However, from the standpoint of delivering debt relief in a timely fashion, the BWI’s strictures clearly went beyond the pal. Many BWI technocrats adopted a kind of righteous, almost creditor-like stance toward the countries – perhaps because, after all, the BWIs are substantial creditors. They may also prefer gradual debt relief because this preserves their control. In any case, all of this is a poor substitute for the more constructive neutral role that, say, a “trustee in bankruptcy” would typically play in bankruptcy proceedings.
Combined with country backwardness, this creditor-cum-neoliberal-reformer mentality had predictable results. Indeed, if HIPC’s true goal was to avoid giving meaningful debt relief, it almost succeeded! By 2000, just six countries – Bolivia, Burkina Faso, Guyana, Mali, Mozambique, and Uganda - had managed to reach “completion,” and zero debt relief had been dispensed. Eventually, HIPC I afforded a grand total of $3.7 billion of debt relief to these six countries.
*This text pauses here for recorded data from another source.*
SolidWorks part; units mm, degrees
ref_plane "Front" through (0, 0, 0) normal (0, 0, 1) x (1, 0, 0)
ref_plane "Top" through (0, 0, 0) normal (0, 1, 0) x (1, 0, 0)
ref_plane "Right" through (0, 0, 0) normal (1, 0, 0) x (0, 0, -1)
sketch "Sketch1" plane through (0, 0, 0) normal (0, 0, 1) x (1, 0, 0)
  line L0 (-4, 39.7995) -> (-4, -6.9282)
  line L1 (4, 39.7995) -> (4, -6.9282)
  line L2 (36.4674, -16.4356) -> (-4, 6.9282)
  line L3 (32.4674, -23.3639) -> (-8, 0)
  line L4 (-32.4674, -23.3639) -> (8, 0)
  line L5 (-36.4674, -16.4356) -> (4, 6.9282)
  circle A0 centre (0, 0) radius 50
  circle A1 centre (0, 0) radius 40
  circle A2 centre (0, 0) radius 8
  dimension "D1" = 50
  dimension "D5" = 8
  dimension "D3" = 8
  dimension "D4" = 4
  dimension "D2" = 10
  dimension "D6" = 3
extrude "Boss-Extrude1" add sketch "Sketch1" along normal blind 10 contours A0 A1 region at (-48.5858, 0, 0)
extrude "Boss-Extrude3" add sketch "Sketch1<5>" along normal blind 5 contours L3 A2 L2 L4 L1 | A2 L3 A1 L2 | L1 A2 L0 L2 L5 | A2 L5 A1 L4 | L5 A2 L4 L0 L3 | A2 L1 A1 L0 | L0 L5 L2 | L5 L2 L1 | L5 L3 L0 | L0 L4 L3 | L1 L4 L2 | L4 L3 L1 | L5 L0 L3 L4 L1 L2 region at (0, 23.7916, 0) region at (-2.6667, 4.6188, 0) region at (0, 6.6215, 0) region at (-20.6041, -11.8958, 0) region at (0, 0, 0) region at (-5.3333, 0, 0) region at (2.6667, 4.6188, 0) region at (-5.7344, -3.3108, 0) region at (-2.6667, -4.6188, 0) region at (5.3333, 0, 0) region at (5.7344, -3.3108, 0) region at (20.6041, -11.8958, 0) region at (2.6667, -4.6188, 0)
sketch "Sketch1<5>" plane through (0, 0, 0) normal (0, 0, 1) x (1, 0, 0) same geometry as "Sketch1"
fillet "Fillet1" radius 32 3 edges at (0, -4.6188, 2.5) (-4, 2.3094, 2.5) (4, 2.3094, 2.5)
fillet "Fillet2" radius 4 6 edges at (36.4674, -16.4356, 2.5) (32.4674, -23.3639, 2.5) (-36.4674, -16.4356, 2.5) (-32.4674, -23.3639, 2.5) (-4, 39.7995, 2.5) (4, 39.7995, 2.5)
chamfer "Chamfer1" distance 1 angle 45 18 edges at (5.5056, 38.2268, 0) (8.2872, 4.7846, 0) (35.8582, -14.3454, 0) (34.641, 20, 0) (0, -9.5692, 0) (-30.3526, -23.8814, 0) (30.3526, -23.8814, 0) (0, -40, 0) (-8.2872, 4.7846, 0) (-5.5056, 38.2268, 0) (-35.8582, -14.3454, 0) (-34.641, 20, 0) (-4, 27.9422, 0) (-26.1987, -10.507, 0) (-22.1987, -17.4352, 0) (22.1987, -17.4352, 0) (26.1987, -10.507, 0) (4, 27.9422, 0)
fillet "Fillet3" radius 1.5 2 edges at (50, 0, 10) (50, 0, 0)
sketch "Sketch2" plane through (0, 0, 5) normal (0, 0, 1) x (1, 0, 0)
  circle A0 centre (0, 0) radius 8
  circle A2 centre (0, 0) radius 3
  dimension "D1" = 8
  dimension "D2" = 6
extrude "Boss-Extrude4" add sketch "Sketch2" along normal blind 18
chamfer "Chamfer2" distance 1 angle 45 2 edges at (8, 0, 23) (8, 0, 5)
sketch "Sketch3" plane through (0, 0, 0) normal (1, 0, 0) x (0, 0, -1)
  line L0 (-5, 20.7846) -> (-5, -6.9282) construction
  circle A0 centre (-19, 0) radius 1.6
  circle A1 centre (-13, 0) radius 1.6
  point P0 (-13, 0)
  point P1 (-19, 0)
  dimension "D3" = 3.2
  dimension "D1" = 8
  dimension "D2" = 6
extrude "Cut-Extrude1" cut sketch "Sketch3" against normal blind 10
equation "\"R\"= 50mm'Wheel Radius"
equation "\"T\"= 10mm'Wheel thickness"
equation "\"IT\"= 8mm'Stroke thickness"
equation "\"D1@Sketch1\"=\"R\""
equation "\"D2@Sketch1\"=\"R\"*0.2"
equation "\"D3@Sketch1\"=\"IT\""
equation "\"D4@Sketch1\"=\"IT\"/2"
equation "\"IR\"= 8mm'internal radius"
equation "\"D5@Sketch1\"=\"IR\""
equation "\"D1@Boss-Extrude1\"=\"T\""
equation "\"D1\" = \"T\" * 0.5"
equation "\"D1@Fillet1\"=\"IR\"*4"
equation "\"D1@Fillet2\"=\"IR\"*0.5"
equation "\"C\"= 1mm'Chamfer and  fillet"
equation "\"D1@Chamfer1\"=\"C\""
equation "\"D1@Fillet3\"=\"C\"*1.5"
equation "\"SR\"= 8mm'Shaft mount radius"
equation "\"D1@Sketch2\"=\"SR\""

Even this amount was not distributed immediately in most cases, but was spread out over decades. For example, Uganda’s debt service relief from the World Bank was stretched out over 23 years, Mozambique’s over 31 years, and Guyana will still be collecting $1 million per year of debt relief in 2050!
Would that First World creditors and the BWIs had been anywhere near as circumspect about making loans to developing countries as they have been about administering debt relief!
In June 1999, following the massive “Drop the Debt” rallies at the May 1998 G-8 meeting in Birmingham, the WB/IMF launched “HIPC II,” supposedly a faster, more generous version of HIPC I. But even this version soon proved to be embarrassingly slow. By 2006, of the 38 countries on the initial HIPC list way back in 1996, just 18 had reached the “completion point.” Eleven others had reached their “decision points,” after a median wait of 49 months, but five of these were reporting “slow progress.” Of the other original nine, just one was both ready to qualify and interested in participating.
To fill out the ranks, in 2006 the WB/IMF identified six more low-income countries that might still be able to qualify for HIPC relief before the curtains finally descend in December 2006. However, only two of these were both ready and willing to try for this deadline.
All told, compared with the original target group, at the end, HIPC was down to providing debt relief to countries that accounted for just 18 percent of outstanding low-income debt and 13 percent of the world’s low income population.
The HIPC Sweepstakes
Those countries that managed to navigate all the HIPC hurdles did finally receive some debt relief – all told, for HIPC I and HIPC II, a grand total reduction in debt service of $832 million per year for 2001-2006, compared with debt payments in 1998-99. This sum was divided among for all 27 countries that had reached their completion or decision points.
Some countries did much better than others. For example, middle-income Guyana progressed quickly through the program, qualifying for debt relief to the tune of $937 per capita from both HIPCs – compared with the “HIPC 38’s” average of just $75 per capita. Indeed, Guyana became something of a pro at debt relief – by 2006, it had achieved a record total of $2971 for each of its citizens, from all debt relief programs to date.
Sao Tome, Nicaragua, Congo Republic, Guinea-Bissau, Zambia, Bolivia, DR Congo, Mozambique, Mauritania, Sierra Leone, Ghana, and Burundi also did relatively well on a per capita basis, all realizing more than $100 of HIPC relief per citizen.
In terms of the share of all HIPC relief received, the clear winner was DR Congo, Mobutu’s old stomping ground, which commanded an astounding 18.2 percent of al HIPC relief, and, indeed, nearly 8 percent of all First World debt relief received by low-income countries.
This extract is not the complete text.